* **WORK REQUIRED**
Instruction for the data below: set down exactly the lines from the line with "D49: J1.75 (D49), J4.20" to the line with "D53: J1.79 (D53), J3.34, J8.7", inclusive, and no others.

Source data
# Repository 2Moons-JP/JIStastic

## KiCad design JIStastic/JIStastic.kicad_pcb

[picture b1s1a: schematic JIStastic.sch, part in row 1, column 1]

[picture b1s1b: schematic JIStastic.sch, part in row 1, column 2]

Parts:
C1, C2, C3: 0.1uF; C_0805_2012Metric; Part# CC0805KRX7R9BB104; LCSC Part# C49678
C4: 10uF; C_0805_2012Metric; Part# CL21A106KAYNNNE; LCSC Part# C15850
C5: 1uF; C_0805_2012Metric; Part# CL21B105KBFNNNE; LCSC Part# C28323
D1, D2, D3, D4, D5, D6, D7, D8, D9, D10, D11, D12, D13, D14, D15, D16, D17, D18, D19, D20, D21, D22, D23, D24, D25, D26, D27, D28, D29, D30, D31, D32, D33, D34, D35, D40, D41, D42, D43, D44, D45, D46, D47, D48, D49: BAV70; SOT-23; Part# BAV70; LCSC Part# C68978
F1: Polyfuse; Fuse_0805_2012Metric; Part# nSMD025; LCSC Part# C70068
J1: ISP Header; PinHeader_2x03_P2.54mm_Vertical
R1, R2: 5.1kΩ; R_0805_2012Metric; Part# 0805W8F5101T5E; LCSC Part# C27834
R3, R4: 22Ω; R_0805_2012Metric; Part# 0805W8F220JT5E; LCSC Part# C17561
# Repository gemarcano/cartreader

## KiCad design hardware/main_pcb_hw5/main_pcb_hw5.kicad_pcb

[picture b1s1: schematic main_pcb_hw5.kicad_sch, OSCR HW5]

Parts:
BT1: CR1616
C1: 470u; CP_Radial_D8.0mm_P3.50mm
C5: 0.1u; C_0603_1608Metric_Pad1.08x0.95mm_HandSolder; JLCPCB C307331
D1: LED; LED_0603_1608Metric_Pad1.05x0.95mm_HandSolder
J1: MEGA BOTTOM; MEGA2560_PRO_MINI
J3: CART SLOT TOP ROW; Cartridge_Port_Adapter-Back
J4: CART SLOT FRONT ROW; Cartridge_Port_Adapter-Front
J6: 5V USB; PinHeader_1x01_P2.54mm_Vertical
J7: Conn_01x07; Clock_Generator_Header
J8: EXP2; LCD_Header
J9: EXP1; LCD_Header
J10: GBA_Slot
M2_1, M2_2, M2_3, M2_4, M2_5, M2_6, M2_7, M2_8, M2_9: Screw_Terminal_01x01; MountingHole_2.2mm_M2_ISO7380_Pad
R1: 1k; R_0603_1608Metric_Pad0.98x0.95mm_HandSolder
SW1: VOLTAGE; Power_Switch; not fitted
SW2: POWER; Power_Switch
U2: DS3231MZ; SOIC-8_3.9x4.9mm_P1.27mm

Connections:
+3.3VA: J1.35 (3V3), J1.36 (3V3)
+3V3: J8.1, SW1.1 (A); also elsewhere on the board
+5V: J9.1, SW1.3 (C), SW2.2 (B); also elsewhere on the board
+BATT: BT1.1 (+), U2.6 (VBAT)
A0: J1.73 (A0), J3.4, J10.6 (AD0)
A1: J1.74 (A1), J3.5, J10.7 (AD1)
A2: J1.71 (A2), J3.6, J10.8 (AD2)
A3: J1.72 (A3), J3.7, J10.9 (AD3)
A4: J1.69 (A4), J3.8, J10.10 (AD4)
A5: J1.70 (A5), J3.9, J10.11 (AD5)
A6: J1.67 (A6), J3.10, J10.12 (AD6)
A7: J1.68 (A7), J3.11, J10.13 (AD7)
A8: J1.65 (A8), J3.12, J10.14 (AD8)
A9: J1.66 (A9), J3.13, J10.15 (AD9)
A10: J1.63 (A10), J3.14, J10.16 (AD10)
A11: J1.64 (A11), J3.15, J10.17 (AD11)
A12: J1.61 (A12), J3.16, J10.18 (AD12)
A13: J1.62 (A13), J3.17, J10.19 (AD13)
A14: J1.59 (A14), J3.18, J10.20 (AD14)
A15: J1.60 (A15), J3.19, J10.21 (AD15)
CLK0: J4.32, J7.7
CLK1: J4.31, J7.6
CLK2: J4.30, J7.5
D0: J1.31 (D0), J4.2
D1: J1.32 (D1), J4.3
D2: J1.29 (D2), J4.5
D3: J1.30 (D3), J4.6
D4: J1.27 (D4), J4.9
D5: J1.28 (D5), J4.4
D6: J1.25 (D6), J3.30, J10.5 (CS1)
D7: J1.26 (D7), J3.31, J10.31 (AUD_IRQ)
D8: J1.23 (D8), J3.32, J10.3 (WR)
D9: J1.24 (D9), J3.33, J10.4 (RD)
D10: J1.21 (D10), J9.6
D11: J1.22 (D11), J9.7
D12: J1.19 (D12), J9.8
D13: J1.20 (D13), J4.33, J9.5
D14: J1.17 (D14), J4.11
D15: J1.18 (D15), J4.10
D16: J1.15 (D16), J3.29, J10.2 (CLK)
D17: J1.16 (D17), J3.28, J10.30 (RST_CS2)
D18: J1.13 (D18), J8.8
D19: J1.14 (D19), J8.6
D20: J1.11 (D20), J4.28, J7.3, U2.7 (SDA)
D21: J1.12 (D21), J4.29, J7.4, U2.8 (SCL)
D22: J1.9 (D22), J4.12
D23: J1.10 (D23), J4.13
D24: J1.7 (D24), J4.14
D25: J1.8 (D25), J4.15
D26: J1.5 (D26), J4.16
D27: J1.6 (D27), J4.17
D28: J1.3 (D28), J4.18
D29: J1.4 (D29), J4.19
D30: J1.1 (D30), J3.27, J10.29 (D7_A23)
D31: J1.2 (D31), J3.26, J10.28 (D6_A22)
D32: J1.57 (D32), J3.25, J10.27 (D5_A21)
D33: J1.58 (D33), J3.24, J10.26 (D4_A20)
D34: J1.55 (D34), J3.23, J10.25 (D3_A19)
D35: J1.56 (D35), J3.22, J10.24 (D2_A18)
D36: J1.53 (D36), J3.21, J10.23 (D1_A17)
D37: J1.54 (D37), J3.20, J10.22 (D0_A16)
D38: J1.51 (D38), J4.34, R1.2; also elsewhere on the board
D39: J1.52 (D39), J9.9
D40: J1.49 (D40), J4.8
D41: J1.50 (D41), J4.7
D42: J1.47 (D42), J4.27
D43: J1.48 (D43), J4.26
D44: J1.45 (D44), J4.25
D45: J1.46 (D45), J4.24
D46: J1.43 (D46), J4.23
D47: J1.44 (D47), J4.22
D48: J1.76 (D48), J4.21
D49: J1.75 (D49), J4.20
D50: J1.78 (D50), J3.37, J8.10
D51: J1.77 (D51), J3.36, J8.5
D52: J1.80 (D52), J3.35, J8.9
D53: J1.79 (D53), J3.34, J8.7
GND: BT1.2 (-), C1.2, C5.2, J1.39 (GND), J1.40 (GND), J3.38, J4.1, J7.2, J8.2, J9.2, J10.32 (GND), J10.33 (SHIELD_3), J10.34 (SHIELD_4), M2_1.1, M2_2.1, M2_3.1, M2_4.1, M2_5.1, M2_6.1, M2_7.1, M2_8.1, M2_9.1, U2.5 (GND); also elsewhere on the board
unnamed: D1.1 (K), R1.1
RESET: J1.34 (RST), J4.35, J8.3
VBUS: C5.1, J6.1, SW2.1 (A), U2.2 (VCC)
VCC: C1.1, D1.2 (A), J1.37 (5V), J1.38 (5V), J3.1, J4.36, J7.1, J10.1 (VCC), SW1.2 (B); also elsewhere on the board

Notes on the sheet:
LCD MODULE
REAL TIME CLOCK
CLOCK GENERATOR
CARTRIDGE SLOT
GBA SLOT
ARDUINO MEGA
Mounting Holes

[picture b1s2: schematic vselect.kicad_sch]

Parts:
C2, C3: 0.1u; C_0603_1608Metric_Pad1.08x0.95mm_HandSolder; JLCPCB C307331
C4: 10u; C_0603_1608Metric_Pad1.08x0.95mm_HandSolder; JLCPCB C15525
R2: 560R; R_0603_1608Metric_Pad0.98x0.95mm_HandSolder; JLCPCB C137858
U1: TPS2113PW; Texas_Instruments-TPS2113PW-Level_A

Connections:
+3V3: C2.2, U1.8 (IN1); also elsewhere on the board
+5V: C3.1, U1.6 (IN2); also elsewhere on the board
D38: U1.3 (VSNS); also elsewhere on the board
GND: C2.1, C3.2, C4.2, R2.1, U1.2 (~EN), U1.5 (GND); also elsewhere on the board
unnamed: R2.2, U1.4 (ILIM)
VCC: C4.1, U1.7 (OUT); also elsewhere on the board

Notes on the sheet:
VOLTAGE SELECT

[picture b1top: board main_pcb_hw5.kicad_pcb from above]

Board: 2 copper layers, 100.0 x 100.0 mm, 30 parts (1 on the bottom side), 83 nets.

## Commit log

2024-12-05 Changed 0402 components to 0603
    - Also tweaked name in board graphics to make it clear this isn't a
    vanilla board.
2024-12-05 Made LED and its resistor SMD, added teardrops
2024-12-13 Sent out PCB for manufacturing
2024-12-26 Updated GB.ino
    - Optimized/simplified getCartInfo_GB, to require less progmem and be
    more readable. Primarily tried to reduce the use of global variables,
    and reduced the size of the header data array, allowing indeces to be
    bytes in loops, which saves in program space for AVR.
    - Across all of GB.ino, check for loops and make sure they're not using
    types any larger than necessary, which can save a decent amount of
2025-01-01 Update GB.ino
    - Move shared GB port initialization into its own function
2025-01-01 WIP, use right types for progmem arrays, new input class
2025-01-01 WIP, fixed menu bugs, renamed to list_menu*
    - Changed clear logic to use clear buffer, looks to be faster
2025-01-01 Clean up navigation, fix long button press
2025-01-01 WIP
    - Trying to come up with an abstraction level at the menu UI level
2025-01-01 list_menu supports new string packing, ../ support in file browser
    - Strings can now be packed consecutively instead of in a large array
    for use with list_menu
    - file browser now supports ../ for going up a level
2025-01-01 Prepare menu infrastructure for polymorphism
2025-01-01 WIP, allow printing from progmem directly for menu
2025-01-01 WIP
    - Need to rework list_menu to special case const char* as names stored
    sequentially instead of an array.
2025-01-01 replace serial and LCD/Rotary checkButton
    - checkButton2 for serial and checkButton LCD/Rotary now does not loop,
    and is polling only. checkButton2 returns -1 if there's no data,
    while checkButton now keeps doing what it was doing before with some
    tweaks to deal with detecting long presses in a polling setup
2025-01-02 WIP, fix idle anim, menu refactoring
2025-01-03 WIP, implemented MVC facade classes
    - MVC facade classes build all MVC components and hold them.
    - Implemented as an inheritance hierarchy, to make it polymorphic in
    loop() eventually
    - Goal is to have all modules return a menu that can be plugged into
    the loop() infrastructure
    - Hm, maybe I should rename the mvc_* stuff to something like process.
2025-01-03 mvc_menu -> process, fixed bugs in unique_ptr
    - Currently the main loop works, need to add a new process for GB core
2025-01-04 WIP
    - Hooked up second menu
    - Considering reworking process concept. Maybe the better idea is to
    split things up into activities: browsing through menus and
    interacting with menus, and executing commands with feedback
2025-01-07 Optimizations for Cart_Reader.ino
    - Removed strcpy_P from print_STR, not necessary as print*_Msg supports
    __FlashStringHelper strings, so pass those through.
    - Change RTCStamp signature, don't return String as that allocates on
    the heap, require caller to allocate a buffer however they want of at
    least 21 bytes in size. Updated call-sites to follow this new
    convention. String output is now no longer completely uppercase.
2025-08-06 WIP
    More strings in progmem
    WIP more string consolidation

* **FINISHED EXERCISE**
D49: J1.75 (D49), J4.20
D50: J1.78 (D50), J3.37, J8.10
D51: J1.77 (D51), J3.36, J8.5
D52: J1.80 (D52), J3.35, J8.9
D53: J1.79 (D53), J3.34, J8.7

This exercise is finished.